Finished it a couple days ago. 

25mph
3000 watts
brushless rc motor


I'm going to sell it on ebay in a week. I really liked building it, so I might do it again much later if it sells. It's ridiculously fast for essentially a skateboard


----------



## mill (Aug 22, 2008)

i do some downhill boarding myself, that thing looks like a lot of fun, where did you get that belt cog for the driven wheel and how is it mounted?


----------



## noahmrogers (Nov 9, 2008)

I got the belts and pulleys from SDP-SI.com

I put the large pulley on a lathe and took out the hub so I could fit the mountain board axle through it. 
I drilled the bolt pattern into the large pulley on a drill press. 
Then I simply used longer bolts for the hub that went through the pulley


----------



## wheelbarrow (Sep 22, 2008)

i too am a bit of a mountain boarder (although not much recently), how does this perform on hills? how much does the battery weigh and what voltage is it? 25mph is pretty nice
ive got batteries and motors kicking around at home butmotors are all 230v and batteries all 12v. would the transformer from an old battery charger convert this?


----------



## om27 (Nov 6, 2008)

hey, the picture is missing from the location that you have mentioned. Can you pls try uploading it?


----------



## powerboardguy (Feb 8, 2009)

noahmrogers said:


> http://www.riaceauto.com/eboard.html
> 
> http://www.youtube.com/user/noahmrogers
> 
> ...


We've been building electric skateboards for over five years, and this is the first time I've seen one built with an RC motor.

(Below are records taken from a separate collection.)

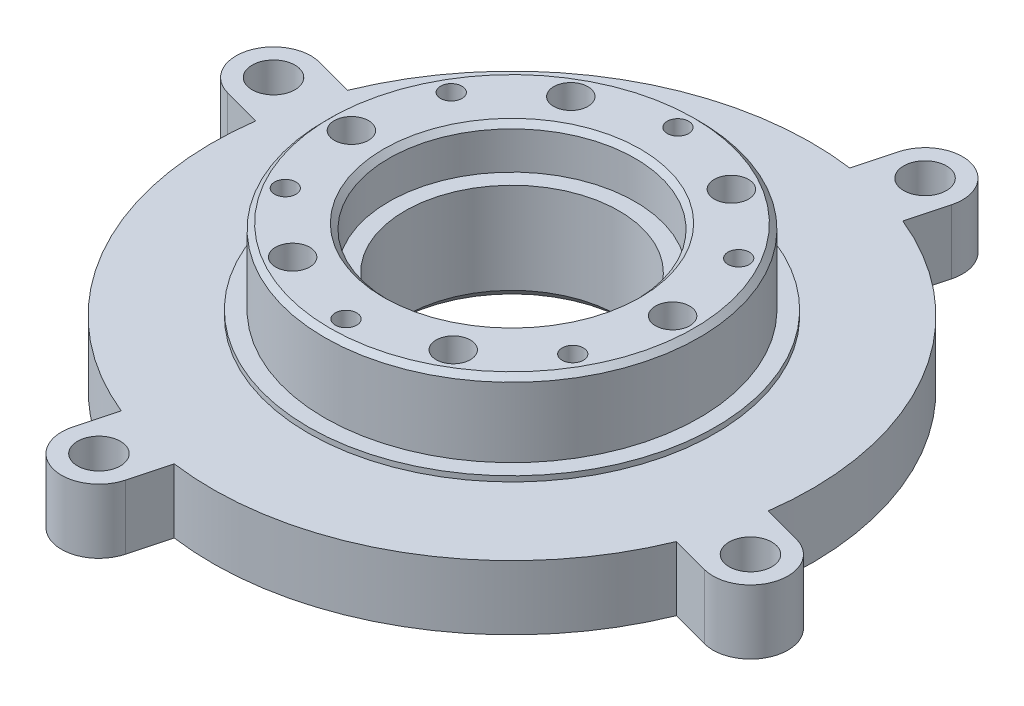
SolidWorks part; units mm, degrees
material "Like ABS"
ref_plane "Front Plane" through (0, 0, 0) normal (0, 0, 1) x (1, 0, 0)
ref_plane "Top Plane" through (0, 0, 0) normal (0, 1, 0) x (1, 0, 0)
ref_plane "Right Plane" through (0, 0, 0) normal (1, 0, 0) x (0, 0, -1)
sketch "Sketch1" plane through (0, 0, 0) normal (0, 1, 0) x (1, 0, 0)
  circle A0 centre (0, 0) radius 28
  dimension "D1" = 56
extrude "Boss-Extrude1" add sketch "Sketch1" along normal blind 6
sketch "Sketch2" plane through (0, 6, 0) normal (0, 1, 0) x (1, 0, 0)
  circle A0 centre (0, 0) radius 19
  dimension "D1" = 38
extrude "Boss-Extrude2" add sketch "Sketch2" along normal blind 0.5
sketch "Sketch3" plane through (0, 6.5, 0) normal (0, 1, 0) x (1, 0, 0)
  circle A0 centre (0, 0) radius 17.5
  dimension "D1" = 35
extrude "Boss-Extrude3" add sketch "Sketch3" along normal blind 7
sketch "Sketch4" plane through (0, 13.5, 0) normal (0, 1, 0) x (1, 0, 0)
  line L0 (0, 15.5) -> (0, 0) construction
  line L1 (0, 0) -> (7.75, 13.4234) construction
  circle A0 centre (0, 15.5) radius 1
  dimension "D3" = 2
  dimension "D1" = 30
  dimension "D2" = 15.5
extrude "Cut-Extrude1" cut sketch "Sketch4" against normal blind 3
pattern_circular "CirPattern1" count 6 over 360 about axis through (0, 0, 0) along (0, 1, 0) of "Cut-Extrude1"
sketch "Sketch5" plane through (0, 13.5, 0) normal (0, 1, 0) x (1, 0, 0)
  circle A0 centre (0, 0) radius 11.5
  dimension "D1" = 23
extrude "Cut-Extrude2" cut sketch "Sketch5" against normal blind 4
sketch "Sketch6" plane through (0, 9.5, 0) normal (0, 1, 0) x (1, 0, 0)
  circle A0 centre (0, 0) radius 10
  dimension "D1" = 20
extrude "Cut-Extrude3" cut sketch "Sketch6" against normal up to surface (9.5 mm away) up to face at (0, 0, 28)
sketch "Sketch7" plane through (0, 13.5, 0) normal (0, 1, 0) x (1, 0, 0)
  line L0 (0, 15.5) -> (0, 0) construction
  line L1 (0, 0) -> (7.5, 12.9904) construction
  circle A0 centre (7.5, 12.9904) radius 1.6
  dimension "D2" = 3.2
  dimension "D1" = 30
  dimension "D3" = 15
extrude "Cut-Extrude4" cut sketch "Sketch7" against normal up to surface (13.5 mm away) up to face at (0, 0, 10)
sketch "Sketch9" plane through (0, 0, 0) normal (0, -1, 0) x (1, 0, 0)
  circle A0 centre (7.5, -12.9904) radius 3.5
  dimension "D1" = 7
extrude "Cut-Extrude10" cut sketch "Sketch9" against normal blind 5
sketch "Sketch10" plane through (0, 0, 0) normal (0, -1, 0) x (1, 0, 0)
  circle A0 centre (7.5, -12.9904) radius 2
  dimension "D1" = 4
extrude "Cut-Extrude11" cut sketch "Sketch10" against normal blind 11
pattern_circular "CirPattern2" count 6 over 360 about axis through (0, 0, 0) along (0, 1, 0) of "Cut-Extrude4", "Cut-Extrude11", "Cut-Extrude10"
chamfer "Chamfer1" distance 1 angle 45 1 edges at (0, 0, 10)
chamfer "Chamfer2" distance 0.5 angle 45 2 edges at (0, 13.5, 11.5) (0, 13.5, 17.5)
sketch "Sketch13" plane through (0, 6, 0) normal (0, 1, 0) x (1, 0, 0)
  line L0 (0, 25) -> (0, 0) construction
  line L1 (0, 0) -> (7.2469, 27.0459) construction
  line L2 (7.2469, 27.0459) -> (9.0587, 33.8074) construction
  line L6 (0, 0) -> (-27.0459, 7.2469) construction
  line L7 (-27.0459, 7.2469) -> (-33.8074, 9.0587) construction
  line L8 (0, 0) -> (-26.3114, 9.5766) construction
  line L9 (3.0505, 34.8668) -> (2.4404, 27.8935) construction
  line L10 (2.4404, 27.8935) -> (0, 0) construction
  line L11 (0, 0) -> (4.8621, 27.5746) construction
  line L12 (4.8621, 27.5746) -> (6.0777, 34.4683) construction
  line L19 (-26.3114, 9.5766) -> (-32.8892, 11.9707) construction
  line L20 (0, 0) -> (-25.3766, 11.8333) construction
  line L21 (-25.3766, 11.8333) -> (-31.7208, 14.7916) construction
  line L27 (4.7721, 31.3325) -> (3.0277, 24.8224)
  line L28 (3.0277, 24.8224) -> (9.7891, 23.0106)
  line L29 (9.7891, 23.0106) -> (11.5335, 29.5208)
  circle A0 centre (8.1528, 30.4267) radius 1.6
  circle A4 centre (0, 0) radius 28 construction
  arc A7 (11.5335, 29.5208) -> (4.7721, 31.3325) centre (8.1528, 30.4267) ccw
  dimension "D4" = 3.2
  dimension "D5" = 90
  dimension "D6" = 10
  dimension "D1" = 15
  dimension "D2" = 28
  dimension "D3" = 7
  dimension "D7" = 5
  dimension "D10" = 5
  dimension "D11" = 5
extrude "Boss-Extrude4" add sketch "Sketch13" against normal up to surface (6 mm away) up to face at (0, 0, 11)
sketch "Sketch14" plane through (0, 6, 0) normal (0, 1, 0) x (1, 0, 0)
  circle A0 centre (8.1528, 30.4267) radius 2
  dimension "D1" = 4
extrude "Cut-Extrude12" cut sketch "Sketch14" against normal blind 4
pattern_circular "CirPattern3" count 4 over 360 about axis through (0, 0, 0) along (0, 1, 0) of "Cut-Extrude12", "Boss-Extrude4"

Could you tell me what type of Axi motor you used, type of motor controller, and if this motor provides low end torque. I've really got a lot of questions. We build a similar board, the GI, check out www.e-glide.com. I want to experiment with RC motors and lithiums, and am very curious of the potential of the smaller brushless RC motors. Thanks, Dave


----------